Avec une bonne douzaine d’événements importants à signaler à SPA, il est clair que le trafic peut jouer un rôle décisif sur le résultat final d’une course. Un dépassement trop optimiste, un concurrent qui n’a pas bien observé ses rétros, ou une séquence de trafic à gérer en même temps qu’une lutte pour sa position, ces situations périlleuses ont déjà eu lieu par le passé. Mais avec le resserrement des performances de cette année, les fenêtres de dépassement se réduisent.
Gérer le trafic, c’est une question d’anticipation. Anticiper son pilotage d’une part, anticiper le moment où « temporiser » pour aller chercher le bon endroit où doubler. Il faut réussir à trouver l’ouverture rapidement, pour passer le plus vite possible sans perdre de temps, mais sans trop se précipiter non plus, car le pilote à doubler peut parfois être un amateur ! Et il ne s’agit pas de risquer de tout perdre en s’attaquant au mauvais moment, à un pilote qui n’a pas l’expérience ni les réflexes d’un pilote professionnel.

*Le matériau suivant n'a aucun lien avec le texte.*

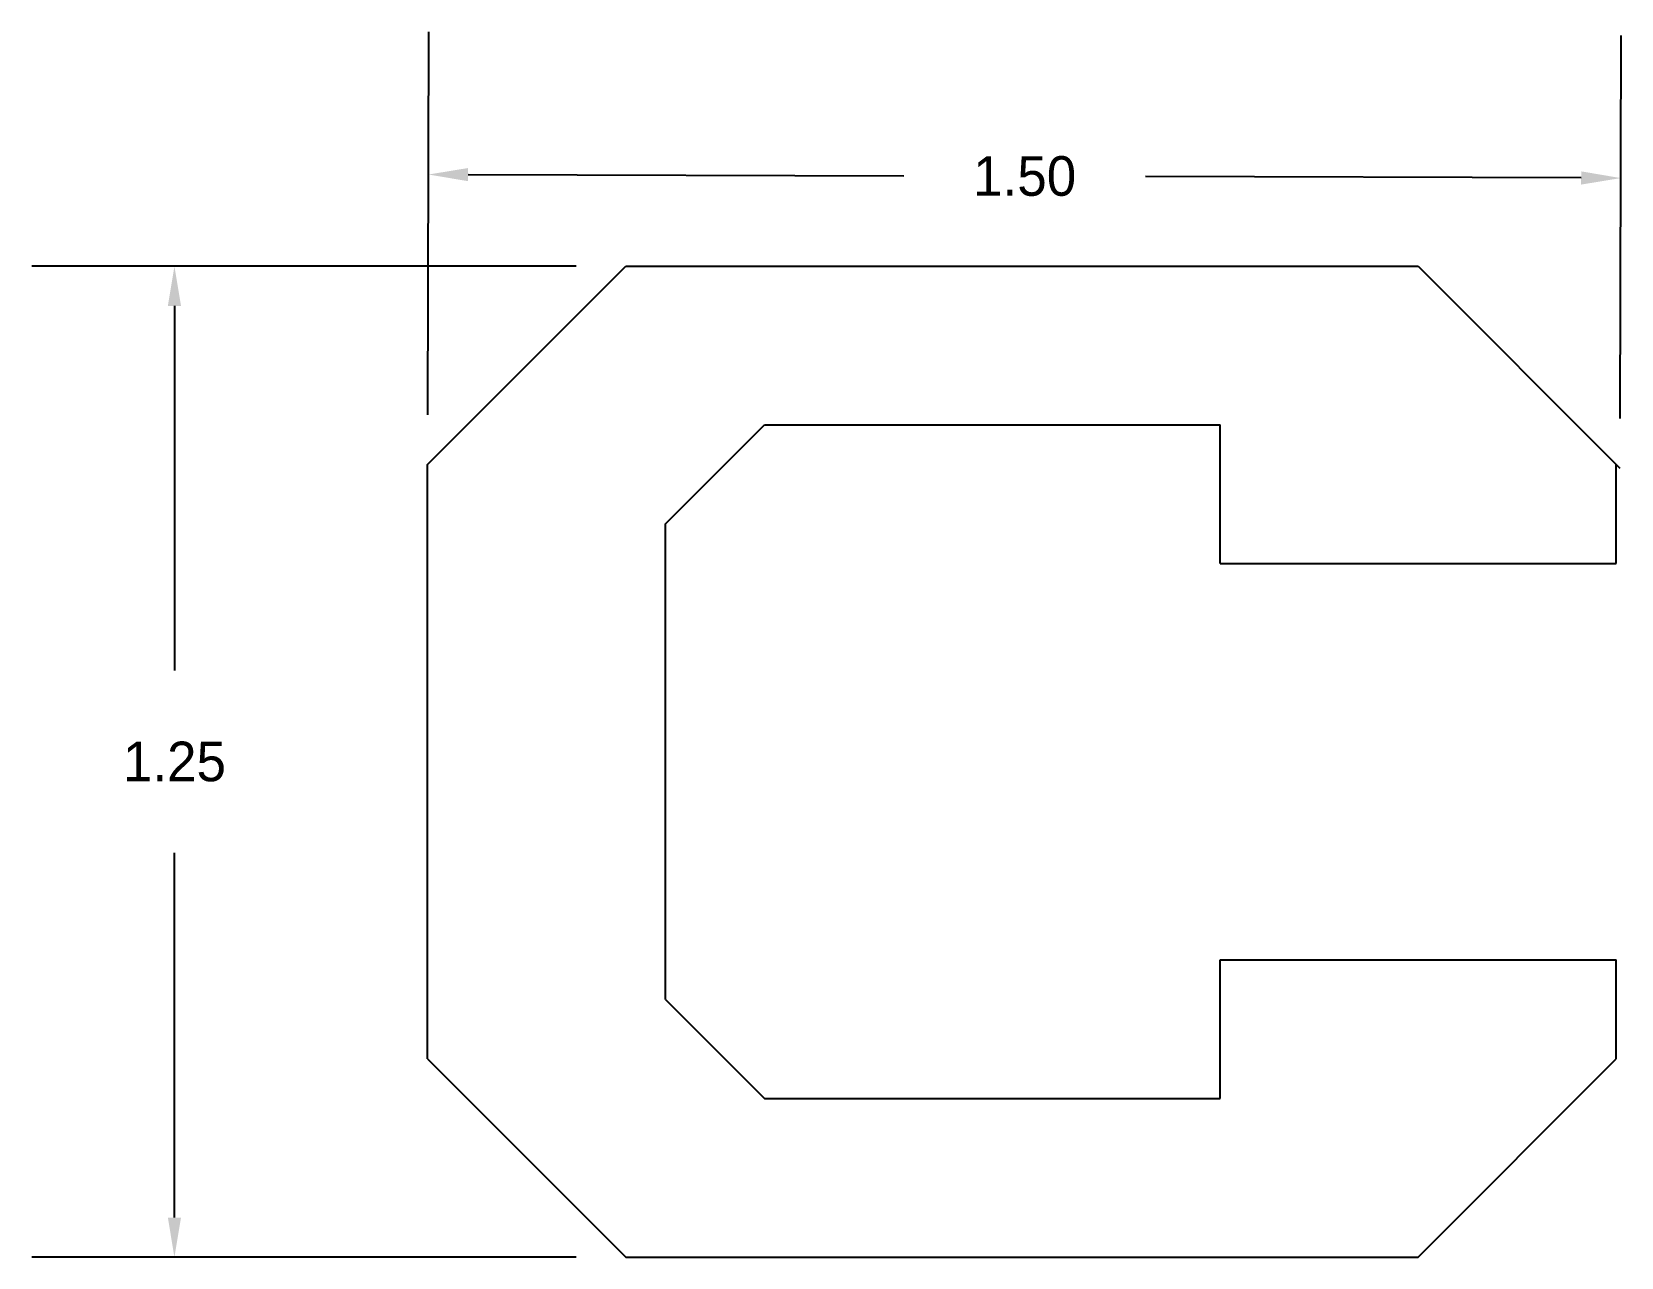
# Model space of a CAD drawing. Header units: metres. Extents: x 41.89 to 43.89, y 51.69 to 53.23.
import ezdxf

# ---------------------------------------------------------------- set-up
doc = ezdxf.new("R2010")
doc.units = ezdxf.units.M
doc.header["$MEASUREMENT"] = 0
doc.dimstyles.get("Standard").update_dxf_attribs({"dimtxt": 0.05, "dimasz": 0.05, "dimexe": 0.18, "dimexo": 0.0625, "dimgap": 0.09, "dimtad": 0, "dimtih": 1, "dimtoh": 1, "dimzin": 0, "dimdsep": 46, "dimtxsty": 'Standard', "dimcen": 0.09, "dimadec": 0, "dimazin": 0, "dimtfac": 1, "dimtofl": 0, "dimtmove": 0, "dimatfit": 3, "dimfxl": 1, "dimtolj": 1, "dimtzin": 0, "dimarcsym": 0})

# ---------------------------------------------------------------- blocks, each defined once
blk = doc.blocks.new('*D7')
at = {"color": 0, "lineweight": -2, "transparency": 16777216}
for p, q in [((42.3876, 52.7497), (42.3891, 53.2329)), ((43.8921, 52.7452), (43.8936, 53.2284)), ((42.4385, 53.0528), (42.9883, 53.0511)), ((43.843, 53.0486), (43.2933, 53.0502))]:
    blk.add_line(p, q, dxfattribs=at)
at = {"color": 0, "transparency": 16777216}
for points in [[(42.4385, 53.0611), (42.4385, 53.0445), (42.3885, 53.0529)], [(43.8431, 53.0569), (43.843, 53.0402), (43.893, 53.0484)]]:
    blk.add_solid(points, dxfattribs=at)
at = {"layer": 'Defpoints', "color": 0, "transparency": 16777216}
for p in [(43.893, 53.0484), (42.3874, 52.6872), (43.8919, 52.6827)]:
    blk.add_point(p, dxfattribs=at)
at = {"color": 0, "transparency": 16777216, "insert": (43.1408, 53.0507), "char_height": 0.05, "attachment_point": 5}
blk.add_mtext('\\A1;1.50', dxfattribs=at)
blk = doc.blocks.new('*D8')
at = {"color": 0, "lineweight": -2, "transparency": 16777216}
for p, q in [((42.5749, 52.9372), (41.8879, 52.9372)), ((42.0679, 52.8872), (42.0679, 52.4272)), ((42.0679, 51.7372), (42.0679, 52.1972)), ((42.5749, 51.6872), (41.8879, 51.6872))]:
    blk.add_line(p, q, dxfattribs=at)
at = {"color": 0, "transparency": 16777216}
for points in [[(42.0596, 52.8872), (42.0762, 52.8872), (42.0679, 52.9372)], [(42.0596, 51.7372), (42.0762, 51.7372), (42.0679, 51.6872)]]:
    blk.add_solid(points, dxfattribs=at)
at = {"layer": 'Defpoints', "color": 0, "transparency": 16777216}
for p in [(42.6374, 52.9372), (42.0679, 51.6872), (42.6374, 51.6872)]:
    blk.add_point(p, dxfattribs=at)
at = {"color": 0, "transparency": 16777216, "insert": (42.0679, 52.3122), "char_height": 0.05, "attachment_point": 5}
blk.add_mtext('\\A1;1.25', dxfattribs=at)

msp = doc.modelspace()

# ---------------------------------------------------------------- linework, layer by layer
for p, q in [((42.3874, 52.6872), (42.6374, 52.9372)), ((42.6374, 52.9372), (43.6374, 52.9372)), ((43.6374, 52.9372), (43.8919, 52.6827)), ((42.6874, 52.6122), (42.8124, 52.7372)), ((42.8124, 52.7372), (43.3874, 52.7372)), ((43.3874, 52.5622), (43.3874, 52.7372)), ((42.3874, 51.9372), (42.3874, 52.6872)), ((43.8874, 52.5622), (43.8874, 52.6872)), ((42.6874, 52.0122), (42.6874, 52.6122)), ((43.3874, 52.5622), (43.8874, 52.5622)), ((43.3874, 51.8872), (43.3874, 52.0622)), ((43.3874, 52.0622), (43.8874, 52.0622)), ((43.8874, 51.9372), (43.8874, 52.0622)), ((42.6874, 52.0122), (42.8124, 51.8872)), ((42.3874, 51.9372), (42.6374, 51.6872)), ((43.6374, 51.6872), (43.8874, 51.9372)), ((42.8124, 51.8872), (43.3874, 51.8872)), ((42.6374, 51.6872), (43.6374, 51.6872))]:
    msp.add_line(p, q)

# ---------------------------------------------------------------- dimensions: what is measured, and where the dimension line sits
dim = msp.add_aligned_dim(p1=(42.3874, 52.6872), p2=(43.8919, 52.6827), distance=0.3658, dimstyle='Standard')
dim.commit()
dim.dimension.update_dxf_attribs({"geometry": '*D7', "text_midpoint": (43.1408, 53.0507)})
dim = msp.add_linear_dim(base=(42.0679, 51.6872), p1=(42.6374, 52.9372), p2=(42.6374, 51.6872), angle=90, dimstyle='Standard')
dim.commit()
dim.dimension.update_dxf_attribs({"geometry": '*D8', "text_midpoint": (42.0679, 52.3122)})

doc.saveas('drawing.dxf')

Il faut donc d’autre part anticiper les actions et réactions de l’autre pilote. Le pilote doit avoir une bonne capacité à savoir ce qui se passera devant, pour s’adapter au mieux. Cela fait généralement partie du travail effectué en essais libres, mais ce n’est jamais suffisant avant la course …
Si Monza et Le Mans sont des pistes très rapides qui permettront à chaque catégorie de marquer des différences entre elles, et donc logiquement de fluidifier davantage le trafic, Portimaõ sera peut être le théâtre d’une remise en question de la « hiérarchie réglementaire », et offrira certainement des séquences de trafic délicates à gérer, desquelles il faudra sortir sans perdre trop de temps … Mais surtout sortir entier !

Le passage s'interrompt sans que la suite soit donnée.